Prior to joining NBPC, Leslie served as a Program Coordinator at the Creative Capital Foundation and was the Membership Director at the Association of Independent Video and Filmmakers (AIVF). She served on the board of Women Make Movies from 2004 to 2013.

AMY SHUMAKER, Executive Producer Amy Shumaker is Executive Producer of Content at the South Carolina Educational Television Network with more than 25 years of experience in public television. She is currently the executive producer for SCETV Presents national programming which includes the Peabody Award-winning series A Chef’s Life, Expeditions with Patrick McMillan, The Blueprint: The Story of Adventist Education, Journey to Planet Earth – Extreme Realities, The Education of Harvey Gantt and For Your Home with Vicki Payne.

She was the Executive Producer for SCETV’s weekly independent film series Southern Lens and launched the regional Emmy award-winning documentary series Carolina Stories. Amy serves as the U.S. National Coordinator for INPUT- International Public Television Screening Conference and manages the U.S. INPUT Secretariat at SCETV.

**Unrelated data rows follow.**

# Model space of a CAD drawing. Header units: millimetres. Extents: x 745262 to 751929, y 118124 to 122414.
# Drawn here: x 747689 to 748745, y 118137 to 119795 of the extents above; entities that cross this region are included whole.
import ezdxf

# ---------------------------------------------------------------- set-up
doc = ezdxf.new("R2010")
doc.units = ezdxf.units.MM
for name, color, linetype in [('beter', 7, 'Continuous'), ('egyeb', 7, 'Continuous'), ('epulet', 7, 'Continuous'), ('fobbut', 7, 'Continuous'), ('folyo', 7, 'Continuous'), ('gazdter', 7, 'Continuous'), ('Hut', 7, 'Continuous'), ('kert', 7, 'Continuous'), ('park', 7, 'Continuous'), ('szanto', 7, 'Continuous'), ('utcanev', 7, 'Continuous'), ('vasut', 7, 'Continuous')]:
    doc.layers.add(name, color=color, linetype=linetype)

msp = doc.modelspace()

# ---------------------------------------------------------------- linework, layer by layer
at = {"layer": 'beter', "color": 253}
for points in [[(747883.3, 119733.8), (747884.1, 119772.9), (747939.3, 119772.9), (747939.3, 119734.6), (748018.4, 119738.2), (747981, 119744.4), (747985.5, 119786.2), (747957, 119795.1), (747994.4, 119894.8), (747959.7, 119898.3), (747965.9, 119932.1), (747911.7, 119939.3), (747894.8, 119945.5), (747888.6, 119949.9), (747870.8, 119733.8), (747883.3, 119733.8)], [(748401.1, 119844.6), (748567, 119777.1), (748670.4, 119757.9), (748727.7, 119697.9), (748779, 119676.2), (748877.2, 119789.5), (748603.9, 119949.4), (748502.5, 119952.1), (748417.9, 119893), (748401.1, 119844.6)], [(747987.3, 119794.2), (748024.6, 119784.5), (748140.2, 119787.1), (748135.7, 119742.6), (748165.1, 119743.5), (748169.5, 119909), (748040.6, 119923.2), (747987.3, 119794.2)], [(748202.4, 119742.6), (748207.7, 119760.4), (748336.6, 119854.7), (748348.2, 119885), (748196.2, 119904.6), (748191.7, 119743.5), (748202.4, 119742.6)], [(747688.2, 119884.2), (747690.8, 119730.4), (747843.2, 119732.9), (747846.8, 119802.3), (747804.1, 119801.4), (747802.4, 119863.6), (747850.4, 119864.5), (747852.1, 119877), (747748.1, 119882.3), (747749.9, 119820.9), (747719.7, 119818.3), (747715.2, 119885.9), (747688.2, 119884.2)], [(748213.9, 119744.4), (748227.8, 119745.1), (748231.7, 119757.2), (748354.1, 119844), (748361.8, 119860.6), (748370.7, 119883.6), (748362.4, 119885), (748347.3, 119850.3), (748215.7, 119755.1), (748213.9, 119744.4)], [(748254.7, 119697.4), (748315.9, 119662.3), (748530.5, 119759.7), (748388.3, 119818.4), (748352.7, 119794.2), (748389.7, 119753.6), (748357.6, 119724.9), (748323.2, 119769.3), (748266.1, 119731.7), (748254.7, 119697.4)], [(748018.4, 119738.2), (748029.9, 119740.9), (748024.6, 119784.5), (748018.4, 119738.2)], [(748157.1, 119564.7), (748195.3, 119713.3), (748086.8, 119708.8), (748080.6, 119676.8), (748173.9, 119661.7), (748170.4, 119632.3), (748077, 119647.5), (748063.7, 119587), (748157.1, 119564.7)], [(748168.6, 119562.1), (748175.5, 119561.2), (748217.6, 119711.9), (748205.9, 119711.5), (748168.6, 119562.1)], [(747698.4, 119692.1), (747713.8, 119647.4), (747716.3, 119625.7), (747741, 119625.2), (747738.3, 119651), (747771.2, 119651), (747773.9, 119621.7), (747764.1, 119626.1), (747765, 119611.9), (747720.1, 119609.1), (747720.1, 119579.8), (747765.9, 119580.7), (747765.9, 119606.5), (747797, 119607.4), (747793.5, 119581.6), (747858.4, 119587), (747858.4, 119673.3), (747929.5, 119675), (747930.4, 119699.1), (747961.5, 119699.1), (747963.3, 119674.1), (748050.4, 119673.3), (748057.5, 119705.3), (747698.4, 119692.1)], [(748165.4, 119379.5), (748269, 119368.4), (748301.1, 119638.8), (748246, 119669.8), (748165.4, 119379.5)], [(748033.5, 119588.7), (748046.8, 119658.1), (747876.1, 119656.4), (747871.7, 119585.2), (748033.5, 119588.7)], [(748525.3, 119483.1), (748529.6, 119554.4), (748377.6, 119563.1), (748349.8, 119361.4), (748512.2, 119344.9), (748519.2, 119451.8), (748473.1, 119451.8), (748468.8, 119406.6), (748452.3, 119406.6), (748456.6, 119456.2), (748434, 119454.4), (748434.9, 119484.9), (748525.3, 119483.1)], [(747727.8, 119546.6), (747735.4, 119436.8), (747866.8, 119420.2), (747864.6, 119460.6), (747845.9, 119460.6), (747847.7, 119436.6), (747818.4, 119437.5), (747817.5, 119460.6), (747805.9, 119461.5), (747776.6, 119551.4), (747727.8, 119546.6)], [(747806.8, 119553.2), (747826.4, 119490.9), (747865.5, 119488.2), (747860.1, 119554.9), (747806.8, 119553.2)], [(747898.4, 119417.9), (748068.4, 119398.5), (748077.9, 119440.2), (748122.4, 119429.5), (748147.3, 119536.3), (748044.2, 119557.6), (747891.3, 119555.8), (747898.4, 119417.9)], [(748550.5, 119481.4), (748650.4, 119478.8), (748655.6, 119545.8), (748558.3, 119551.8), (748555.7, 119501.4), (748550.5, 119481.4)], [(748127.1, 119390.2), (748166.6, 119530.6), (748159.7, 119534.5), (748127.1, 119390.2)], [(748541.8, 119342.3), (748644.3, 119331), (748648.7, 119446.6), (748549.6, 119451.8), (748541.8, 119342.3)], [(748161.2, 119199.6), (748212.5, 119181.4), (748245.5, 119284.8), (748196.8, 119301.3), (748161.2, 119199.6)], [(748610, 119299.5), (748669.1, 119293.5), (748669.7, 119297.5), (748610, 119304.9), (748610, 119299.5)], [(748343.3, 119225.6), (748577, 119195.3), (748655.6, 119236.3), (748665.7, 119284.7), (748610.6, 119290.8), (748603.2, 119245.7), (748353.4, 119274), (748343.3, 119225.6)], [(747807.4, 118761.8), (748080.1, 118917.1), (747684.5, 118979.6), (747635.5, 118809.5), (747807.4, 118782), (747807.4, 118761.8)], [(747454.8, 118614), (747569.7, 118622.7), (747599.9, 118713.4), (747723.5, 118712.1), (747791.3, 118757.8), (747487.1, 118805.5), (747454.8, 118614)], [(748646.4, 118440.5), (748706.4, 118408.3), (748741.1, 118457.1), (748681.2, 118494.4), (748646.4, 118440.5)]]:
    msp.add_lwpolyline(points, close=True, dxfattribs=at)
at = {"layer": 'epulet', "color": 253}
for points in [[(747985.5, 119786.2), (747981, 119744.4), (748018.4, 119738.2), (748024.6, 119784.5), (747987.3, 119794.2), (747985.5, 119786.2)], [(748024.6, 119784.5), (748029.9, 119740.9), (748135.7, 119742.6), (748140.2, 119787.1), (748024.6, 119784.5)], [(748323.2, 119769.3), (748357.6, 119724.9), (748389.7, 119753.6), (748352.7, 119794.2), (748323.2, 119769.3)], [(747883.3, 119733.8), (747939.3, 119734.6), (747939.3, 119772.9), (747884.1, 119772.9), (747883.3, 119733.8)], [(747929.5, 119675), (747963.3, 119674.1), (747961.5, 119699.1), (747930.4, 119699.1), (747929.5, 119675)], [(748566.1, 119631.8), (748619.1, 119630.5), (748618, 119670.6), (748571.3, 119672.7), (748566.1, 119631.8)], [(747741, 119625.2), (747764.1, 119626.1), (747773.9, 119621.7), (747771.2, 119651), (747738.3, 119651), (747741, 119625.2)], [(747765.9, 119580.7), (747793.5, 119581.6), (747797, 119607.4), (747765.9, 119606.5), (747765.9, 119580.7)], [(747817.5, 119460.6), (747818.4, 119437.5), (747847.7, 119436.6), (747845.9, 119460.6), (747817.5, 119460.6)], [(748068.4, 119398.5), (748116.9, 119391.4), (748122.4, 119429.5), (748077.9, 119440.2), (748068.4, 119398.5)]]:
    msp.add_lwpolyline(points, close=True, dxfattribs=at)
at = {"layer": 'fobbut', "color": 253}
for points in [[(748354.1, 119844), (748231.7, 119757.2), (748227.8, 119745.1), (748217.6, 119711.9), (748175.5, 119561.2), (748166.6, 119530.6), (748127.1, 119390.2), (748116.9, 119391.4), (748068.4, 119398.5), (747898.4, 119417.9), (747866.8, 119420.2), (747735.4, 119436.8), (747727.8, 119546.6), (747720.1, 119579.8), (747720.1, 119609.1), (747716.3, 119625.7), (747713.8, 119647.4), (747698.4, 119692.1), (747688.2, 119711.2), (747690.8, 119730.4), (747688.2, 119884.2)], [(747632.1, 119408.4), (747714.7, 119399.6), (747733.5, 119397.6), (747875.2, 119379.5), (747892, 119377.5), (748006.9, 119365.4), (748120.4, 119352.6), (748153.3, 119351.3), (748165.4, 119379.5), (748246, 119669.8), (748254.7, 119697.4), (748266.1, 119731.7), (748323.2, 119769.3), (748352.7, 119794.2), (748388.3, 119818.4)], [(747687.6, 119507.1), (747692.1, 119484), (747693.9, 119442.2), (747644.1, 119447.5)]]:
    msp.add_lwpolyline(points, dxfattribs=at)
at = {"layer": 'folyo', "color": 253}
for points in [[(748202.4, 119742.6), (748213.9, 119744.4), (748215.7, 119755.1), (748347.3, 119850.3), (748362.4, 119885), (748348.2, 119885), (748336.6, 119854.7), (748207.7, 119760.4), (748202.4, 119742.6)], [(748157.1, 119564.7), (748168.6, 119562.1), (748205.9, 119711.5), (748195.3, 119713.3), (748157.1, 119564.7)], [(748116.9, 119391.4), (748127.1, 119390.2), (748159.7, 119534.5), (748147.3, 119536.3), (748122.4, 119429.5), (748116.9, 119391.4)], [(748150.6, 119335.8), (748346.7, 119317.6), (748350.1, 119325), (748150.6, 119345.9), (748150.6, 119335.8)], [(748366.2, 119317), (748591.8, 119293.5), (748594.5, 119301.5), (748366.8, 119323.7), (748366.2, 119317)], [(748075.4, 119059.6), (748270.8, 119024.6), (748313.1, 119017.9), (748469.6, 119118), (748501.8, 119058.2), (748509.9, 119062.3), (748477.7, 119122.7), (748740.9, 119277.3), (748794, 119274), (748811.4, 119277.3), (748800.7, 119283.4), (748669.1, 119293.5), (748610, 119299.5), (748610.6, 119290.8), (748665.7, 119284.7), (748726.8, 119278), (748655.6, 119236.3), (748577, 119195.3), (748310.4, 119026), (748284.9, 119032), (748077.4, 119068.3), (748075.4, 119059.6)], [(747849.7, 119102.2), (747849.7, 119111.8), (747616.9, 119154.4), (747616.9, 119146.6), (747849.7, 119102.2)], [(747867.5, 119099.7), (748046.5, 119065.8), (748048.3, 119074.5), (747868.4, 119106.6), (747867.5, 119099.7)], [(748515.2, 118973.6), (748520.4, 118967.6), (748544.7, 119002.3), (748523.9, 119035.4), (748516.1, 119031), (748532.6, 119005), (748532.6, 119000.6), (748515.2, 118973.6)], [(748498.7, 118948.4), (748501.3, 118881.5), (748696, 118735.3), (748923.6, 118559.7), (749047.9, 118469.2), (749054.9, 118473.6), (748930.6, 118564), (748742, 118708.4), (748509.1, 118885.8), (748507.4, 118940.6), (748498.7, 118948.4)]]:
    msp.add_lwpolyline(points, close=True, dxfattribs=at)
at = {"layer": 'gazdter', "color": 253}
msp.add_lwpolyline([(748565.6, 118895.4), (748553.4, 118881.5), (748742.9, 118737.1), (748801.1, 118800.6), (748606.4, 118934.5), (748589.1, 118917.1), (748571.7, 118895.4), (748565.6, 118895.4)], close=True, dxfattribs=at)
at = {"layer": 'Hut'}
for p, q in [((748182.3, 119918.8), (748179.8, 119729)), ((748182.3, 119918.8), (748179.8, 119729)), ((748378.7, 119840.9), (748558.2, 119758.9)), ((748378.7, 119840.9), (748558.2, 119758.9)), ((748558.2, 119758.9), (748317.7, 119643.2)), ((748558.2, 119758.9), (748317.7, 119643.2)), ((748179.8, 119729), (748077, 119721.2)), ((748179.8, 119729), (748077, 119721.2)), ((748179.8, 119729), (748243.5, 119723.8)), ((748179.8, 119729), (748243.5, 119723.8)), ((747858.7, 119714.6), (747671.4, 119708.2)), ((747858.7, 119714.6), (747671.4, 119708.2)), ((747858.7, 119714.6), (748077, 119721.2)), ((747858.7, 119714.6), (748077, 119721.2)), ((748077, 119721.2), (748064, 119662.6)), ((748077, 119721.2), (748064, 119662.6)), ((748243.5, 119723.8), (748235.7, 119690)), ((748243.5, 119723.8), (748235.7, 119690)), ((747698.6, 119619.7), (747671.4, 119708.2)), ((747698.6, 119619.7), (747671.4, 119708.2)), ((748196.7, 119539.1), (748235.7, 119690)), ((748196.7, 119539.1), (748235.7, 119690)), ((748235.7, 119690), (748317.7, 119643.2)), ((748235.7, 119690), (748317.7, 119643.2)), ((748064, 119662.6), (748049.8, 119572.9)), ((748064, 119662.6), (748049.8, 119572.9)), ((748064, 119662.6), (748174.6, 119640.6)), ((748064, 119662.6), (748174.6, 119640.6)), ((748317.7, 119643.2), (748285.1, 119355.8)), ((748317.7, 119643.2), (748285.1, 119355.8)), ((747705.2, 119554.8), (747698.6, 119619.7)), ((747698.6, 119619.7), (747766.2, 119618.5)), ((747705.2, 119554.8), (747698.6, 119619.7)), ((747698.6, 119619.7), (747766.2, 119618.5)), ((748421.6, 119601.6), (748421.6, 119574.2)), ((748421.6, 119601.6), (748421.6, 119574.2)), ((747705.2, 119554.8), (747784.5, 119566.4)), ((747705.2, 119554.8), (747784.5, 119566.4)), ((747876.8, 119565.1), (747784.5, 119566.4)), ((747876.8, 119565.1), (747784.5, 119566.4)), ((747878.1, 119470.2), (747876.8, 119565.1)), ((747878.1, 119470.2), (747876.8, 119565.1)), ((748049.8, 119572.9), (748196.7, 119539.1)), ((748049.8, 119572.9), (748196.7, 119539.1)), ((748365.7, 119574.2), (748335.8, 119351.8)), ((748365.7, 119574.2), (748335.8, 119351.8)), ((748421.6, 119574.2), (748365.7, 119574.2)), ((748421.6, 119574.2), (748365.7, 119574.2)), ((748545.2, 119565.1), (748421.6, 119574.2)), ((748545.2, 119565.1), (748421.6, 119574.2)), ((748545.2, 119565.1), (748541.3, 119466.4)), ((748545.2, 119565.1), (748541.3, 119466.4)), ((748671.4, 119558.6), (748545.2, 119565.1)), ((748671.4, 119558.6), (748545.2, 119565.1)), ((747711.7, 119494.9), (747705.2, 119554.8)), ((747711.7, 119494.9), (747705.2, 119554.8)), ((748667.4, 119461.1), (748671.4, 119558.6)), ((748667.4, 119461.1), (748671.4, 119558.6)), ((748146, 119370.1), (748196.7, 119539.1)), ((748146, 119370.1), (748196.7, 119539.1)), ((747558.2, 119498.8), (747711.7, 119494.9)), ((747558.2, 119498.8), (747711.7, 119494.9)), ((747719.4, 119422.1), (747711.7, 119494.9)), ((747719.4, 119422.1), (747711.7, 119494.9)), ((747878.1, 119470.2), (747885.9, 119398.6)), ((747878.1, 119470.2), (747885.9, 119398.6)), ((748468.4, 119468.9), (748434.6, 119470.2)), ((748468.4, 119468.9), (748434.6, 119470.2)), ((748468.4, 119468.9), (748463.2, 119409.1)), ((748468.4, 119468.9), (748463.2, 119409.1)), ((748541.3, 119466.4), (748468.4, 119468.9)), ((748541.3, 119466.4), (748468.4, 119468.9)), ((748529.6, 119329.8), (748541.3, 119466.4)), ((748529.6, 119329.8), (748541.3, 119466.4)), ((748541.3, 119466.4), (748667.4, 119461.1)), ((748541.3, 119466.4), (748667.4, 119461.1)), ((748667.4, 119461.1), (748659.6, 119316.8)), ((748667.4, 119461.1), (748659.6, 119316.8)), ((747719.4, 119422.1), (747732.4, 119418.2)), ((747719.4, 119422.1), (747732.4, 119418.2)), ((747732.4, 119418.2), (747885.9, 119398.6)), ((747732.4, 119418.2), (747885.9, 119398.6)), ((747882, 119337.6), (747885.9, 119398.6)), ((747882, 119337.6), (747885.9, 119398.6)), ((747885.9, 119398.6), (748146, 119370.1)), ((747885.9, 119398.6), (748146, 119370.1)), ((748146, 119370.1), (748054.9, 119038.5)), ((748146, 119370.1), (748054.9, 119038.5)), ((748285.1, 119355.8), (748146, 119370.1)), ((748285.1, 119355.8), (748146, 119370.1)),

Community Engagement Programs As part of the efforts surrounding the broadcast of the American Graduate special 180 Days: Hartsville, public televisión stations across the country will partner with community organizations, educators, parents and local stakeholders to host town hall discussions and produce local stories spotlighting American Graduate champions. American Graduate Champions are parents and volunteers who play an active role in improving educational outcomes for students. Participating stations/cities include:

CA: Los Angeles: KLCS

Oakland: KQED CT: Hartford: CPBN FL: Jacksonville: WJCT

Tampa: WUSF GA: Atlanta: Public Broadcasting Atlanta MD: Baltimore: Maryland Public Television MI: Detroit: Detroit Public Television Jackson: WKAR—Michigan State University MO: Warrensburg: KMOS MS: Jackson: Mississippi Public

Broadcasting

NC: Research Triangle Park: UNC-TV Charlotte: WTVI NY: New York City: WNET OH: Toledo: WGTE PA: Philadelphia: WHYY RI: Providence: Rhode Island PBS SC: Hartsville: SCETV TX: Houston: Houston Public Media VA: Norfolk: WHRO WI: Milwaukee: MPTV

Some additional cities may be added.